どうか今夜はそちらでお休みくださいませ。」
レイナはそういうと、メイドに指示を出した。
メイドは、一見普通のエプロンドレスを着ているが、
腰から大剣や斧を下げており、
使用人・兵士全員がハイランダーだと言う事がわかる。
(すごいわね、この国・・・皆武器を持っているわ。)
(そうなんだよ、多分小さい子からお年寄りまで、それなりに戦えるって聞いたことある!)
ティルとクーはひそひそと小声で会話をする。
ハイランド公国の伝統を重んじるその姿に、ティルは改めて関心を持った。
一行は部屋へと案内される。
天井、壁、床、家具さえも白く統一されている。
開放感があり、部屋もいくつかに分かれていた。
「寝室はこちらに4つほどあります。」
「へえ、全部白いですね!」
「はい、ハイランドの建国者は「白は穢れなき高潔なもの」とし、
国を作られた際に建物や街のほぼすべてを白に統一されたとされています。
独自の武術、文化を持つこの国は、大陸の光ともいわれております。」
メイドの説明に、ルドガーは目を輝かせる。
そして、もっと教えてほしいと問い詰めて、メイドと共に部屋を出て行ってしまった。
「「白は穢れなき高潔なもの」か・・・良い国じゃない。」
「でしょ!」
ティルが窓を開けて外の景色を見る。
白で統一された城下町の景色が、眩しくも美しかった。
「というかネイラ先生・・・ハイランドの騎士だったんだねー。」
「元、ね。」
「クロウはしってたの?」
ハウルはクロウに尋ねた。
「知っていた。」
「え、じゃあ「セイレーン浜」で出会ったっていうのは?」
「嘘だ」
クロウはそういうと、ふうっと息を吐く。
「本当は、私もクロウも同じ思いを持つ騎士だったわ。
だけどね、10年前にある事件が起きて・・・私は騎士をやめたの。
幼いなりにいろいろ考えちゃったのね。」
ネイラはそういうと、寂しく笑う。
「10年前の事件?」
ティルは気になって尋ねた。
「まあ、いろいろとね・・・。話したくなったらまた話すわ。」
「失礼いたします。」
そこへ、部屋のドアを開けて女騎士が入ってきた。
肩まである薄水色の髪、前髪の両端がくるんと回っている、海のような青い瞳を持つ女性であった。
騎士らしく白い鎧を身に着け、特徴的なスカート、腰に鮮やかな色のレイピアを下げていた。
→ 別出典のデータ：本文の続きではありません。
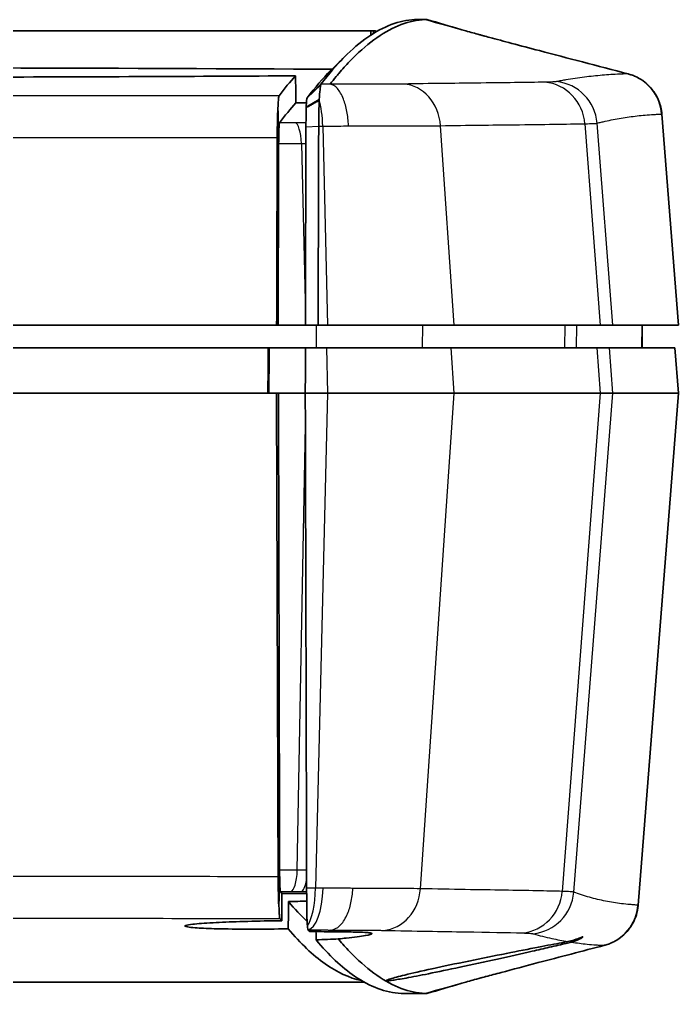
# Model space of a CAD drawing. Header units: millimetres. Extents: x 0 to 1594, y 0 to 281.
# Drawn here: x 538.32 to 552.87, y 82.74 to 104.24 of the extents above; entities that cross this region are included whole.
import ezdxf

# ---------------------------------------------------------------- set-up
doc = ezdxf.new("R2010")
doc.units = ezdxf.units.MM
doc.layers.add('Visible (ISO)', color=7, linetype='Continuous', lineweight=35)
doc.layers.add('Visible Narrow (ISO)', color=7, linetype='Continuous', lineweight=25)

msp = doc.modelspace()

# ---------------------------------------------------------------- linework, layer by layer
at = {"layer": 'Visible (ISO)'}
for p, q in [((547.2767, 104.2362), (547.0483, 104.2362)), ((547.2767, 104.2362), (547.3149, 104.2362)), ((520.5589, 103.9862), (542.2223, 103.9862)), ((542.2223, 103.9862), (546.1309, 103.9862)), ((546.081, 103.9824), (546.0816, 103.893)), ((546.1309, 103.9862), (546.1755, 103.9862)), ((552.5019, 102.1458), (552.8687, 97.4862)), ((543.9995, 97.4862), (518.7817, 97.4862)), ((543.9995, 97.4862), (544.0319, 97.4862)), ((544.6332, 97.4862), (544.0319, 97.4862)), ((544.6332, 97.4862), (544.9144, 97.4862)), ((545.1218, 97.4862), (544.9144, 97.4862)), ((547.9163, 97.4862), (545.1218, 97.4862)), ((551.1428, 97.4862), (547.9163, 97.4862)), ((551.4215, 97.4862), (551.1428, 97.4862)), ((551.4215, 97.4862), (552.8631, 97.4862)), ((552.0643, 96.9862), (552.0687, 97.4862)), ((552.8687, 97.4862), (552.8631, 97.4862)), ((543.811, 96.9862), (537.0059, 96.9862)), ((543.8326, 96.9862), (543.811, 96.9862)), ((544.6351, 96.9862), (543.8326, 96.9862)), ((544.6351, 96.9862), (545.0978, 96.9862)), ((545.0978, 96.9862), (547.8483, 96.9862)), ((547.8483, 96.9862), (551.0664, 96.9862)), ((551.0664, 96.9862), (551.3428, 96.9862)), ((551.3428, 96.9862), (552.7845, 96.9862)), ((552.7845, 96.9862), (552.79, 96.9862)), ((552.79, 96.9862), (552.8687, 95.9862)), ((543.9965, 95.9862), (535.468, 95.9862)), ((544.0289, 95.9862), (543.9965, 95.9862)), ((544.0289, 95.9862), (544.632, 95.9862)), ((545.1218, 95.9862), (544.632, 95.9862)), ((545.1218, 95.9862), (547.9163, 95.9862)), ((551.1428, 95.9862), (547.9163, 95.9862)), ((551.1428, 95.9862), (551.4215, 95.9862)), ((551.4215, 95.9862), (552.8631, 95.9862)), ((551.9796, 84.6899), (552.8687, 95.9862)), ((552.8631, 95.9862), (552.8687, 95.9862)), ((545.934, 82.9862), (516.8472, 82.9862)), ((546.7467, 82.7362), (547.2767, 82.7362)), ((547.2767, 82.7362), (547.3149, 82.7362))]:
    msp.add_line(p, q, dxfattribs=at)
msp.add_ellipse((531.3906, 102.1565), major_axis=(-52.9808, 0), ratio=0.019201, start_param=4.4482851, end_param=4.9764928, dxfattribs=at)
for points, knots in [([(544.9779, 102.805), (545.1491, 103.0313), (545.3203, 103.2309), (545.6642, 103.5779), (545.837, 103.725), (546.0097, 103.8447), (546.1828, 103.9647), (546.3559, 104.0573), (546.7009, 104.1874), (546.8728, 104.2252), (547.0459, 104.236), (547.0471, 104.2361), (547.0483, 104.2362)], [-5.6545448, -5.6545448, -5.6545448, -5.6545448, -4.2639783, -4.2639783, -2.8615572, -2.8615572, -2.8615572, -1.4567218, -1.4567218, -0.0614944, -0.0614944, -0.0518864, -0.0518864, -0.0518864, -0.0518864]), ([(545.1795, 102.8062), (545.2241, 102.864), (545.2689, 102.9198), (545.3331, 102.9981), (545.3527, 103.0217), (545.4511, 103.1387), (545.5288, 103.2263), (545.6295, 103.3316), (545.652, 103.3547), (545.8547, 103.558), (546.0344, 103.7103), (546.5808, 104.0887), (546.9231, 104.2154), (547.2763, 104.2362)], [-5.3671448, -5.3671448, -5.3671448, -5.3671448, -5.041829, -5.041829, -4.8983352, -4.8983352, -4.320595, -4.320595, -4.1536633, -4.1536633, -2.8114963, -2.8114963, -0.0572676, -0.0572676, -0.0572676, -0.0572676]), ([(548.3284, 103.9414), (548.3744, 103.9285), (548.4255, 103.9143), (548.5039, 103.8929), (548.5261, 103.8869), (548.5536, 103.8794), (548.558, 103.8783), (548.5649, 103.8764), (548.5674, 103.8757), (548.5705, 103.8749), (548.5711, 103.8747), (548.5719, 103.8745), (548.5721, 103.8745), (548.5923, 103.869), (548.6597, 103.8508), (548.8499, 103.7998), (549.015, 103.7558), (549.3824, 103.6584), (549.5893, 103.6038), (550.11, 103.4666), (550.4302, 103.3826), (551.085, 103.2109), (551.4218, 103.1228), (551.7579, 103.0349)], [0, 0, 0, 0, 0.06186316, 0.06186316, 0.08505523, 0.08505523, 0.08940345, 0.08940345, 0.09185416, 0.09185416, 0.09246684, 0.09246684, 0.09262001, 0.09262001, 0.11224913, 0.11224913, 0.17171649, 0.17171649, 0.2380519, 0.2380519, 0.3372007, 0.3372007, 0.44145051, 0.44145051, 0.44145051, 0.44145051]), ([(544.4174, 102.9932), (542.2777, 102.9798), (540.0559, 102.9704), (535.5189, 102.9583), (533.2154, 102.9556), (526.605, 102.9568), (522.3502, 102.9682), (518.3638, 102.9932)], [-2.6921121, -2.6921121, -2.6921121, -2.6921121, -1.9989849, -1.9989849, -1.3070956, -1.3070956, -0.0156897, -0.0156897, -0.0156897, -0.0156897]), ([(544.4236, 102.3936), (544.4226, 102.4936), (544.4216, 102.5935), (544.4195, 102.7935), (544.4185, 102.8934), (544.4174, 102.9932)], [-0.059987878, -0.059987878, -0.059987878, -0.059987878, -0.029984892, -0.029984892, -0.000029507, -0.000029507, -0.000029507, -0.000029507]), ([(545.2287, 103.1461), (545.2157, 103.1333), (545.2026, 103.1203), (545.0183, 102.935), (544.8472, 102.736), (544.6761, 102.5104)], [4.1578996, 4.1578996, 4.1578996, 4.1578996, 4.2639783, 4.2639783, 5.6545448, 5.6545448, 5.6545448, 5.6545448]), ([(552.5019, 102.1458), (552.4936, 102.2522), (552.4681, 102.3507), (552.3967, 102.5325), (552.3489, 102.6091), (552.2401, 102.7537), (552.1822, 102.8057), (552.0521, 102.9112), (551.9969, 102.9393), (551.9084, 102.9839), (551.877, 102.996), (551.8265, 103.0147), (551.8077, 103.0206), (551.7785, 103.0294), (551.7675, 103.0324), (551.7579, 103.0349)], [-0.0287683171, -0.0287683171, -0.0287683171, -0.0287683171, -0.0284135845, -0.0284135845, -0.0279865656, -0.0279865656, -0.0273740674, -0.0273740674, -0.0263110529, -0.0263110529, -0.0251605797, -0.0251605797, -0.0240101065, -0.0240101065, -0.023015951, -0.023015951, -0.023015951, -0.023015951]), ([(544.9391, 102.472), (544.9447, 102.5553), (544.9508, 102.6266), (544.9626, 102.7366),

「貴方がたがシャルト様をお救いくださる「自由な風」の皆さまですね?
大公の命により、私も助太刀いたします。」
女性は一礼をして、にこりと笑う。
その女性は、ネイラを見る。
「ネイラ・・・戻ってきてくれたのですね!」
女性はぱっと顔に明るい表情を浮かべた。
「「ウォーレイン」・・・・
いいえ、私は一度は国を捨てたの・・・戻れないわ。」
「やはり、あのことが・・・」
「ウォーレイン」は、悲しげな表情をしてネイラを見る。
ネイラは首を振った。
「・・・それよりもみんな、あなたの登場に戸惑っているわよ」
「あっ、そうでした!」
ウォーレインは皆の方へと向いた。
「私は「ウォーレイン」と申します。
明日から、皆様にこの剣を捧げます・・・よろしくお願いいたします。」
「あ、うん、よろしくね。」
ティルは戸惑いながら、ウォーレインと握手を交わした。
- Re: ポケタリアクロニクル-英雄の軌跡- ( No.170 )
- 日時: 2018/04/30 21:59
- 名前: テール (ID: AuRKGmQU)
その日の夜は月が三日月であった。
ティルは窓を開けて風を部屋へと誘いこんでいた。
夜のハイランドの街並みは、青く照らされていた。
「静かねえ・・・」
ティルはそうつぶやくと、本を読んでいた少年はティルを見て頷く。
ティルは少年の法を見て笑った。
「キミ、本よめるの?」
ティルの質問に、少年は頷く。
少年が読んでいるものは、「ブレイズホルンの書」であった。
ルーン文字がびっしりとページに埋め尽くされ、
ルーン文字が読めないティルは目を白黒させる。
「・・・・キミってホント何者なの?」
少年は首をかしげる。
ティルはベッドに横たわり、窓の外の三日月を見る。
「キミ、今から独り言をいうけど、聞かないふりしててね。」
ティルはそのままの姿勢で唐突に口を開く。
「私ね、皇帝「ヒュドラ・ベル・ユースティア」の子供なの。
ギラティナの血を引いてるから、小さい頃住んでた村で、
「邪竜の子」って言われて、石を投げつけられてた。
まあ、それは置いといてね・・・・
いつだったかなあ、覚えてないけどずっと昔に・・・
ヒュドラが私を魔法陣の上に置いて、何か呪文を唱えてた。
その瞬間だったかな・・・私の中に何か黒いものが入り込んできて・・・
すごく怖かったんだよ。」
ティルはそういうと、少年の方を向く。
少年はティルの顔を見つめていた。
「その先は覚えてないけど、お母さんが私を庇って死んじゃったことは覚えてる。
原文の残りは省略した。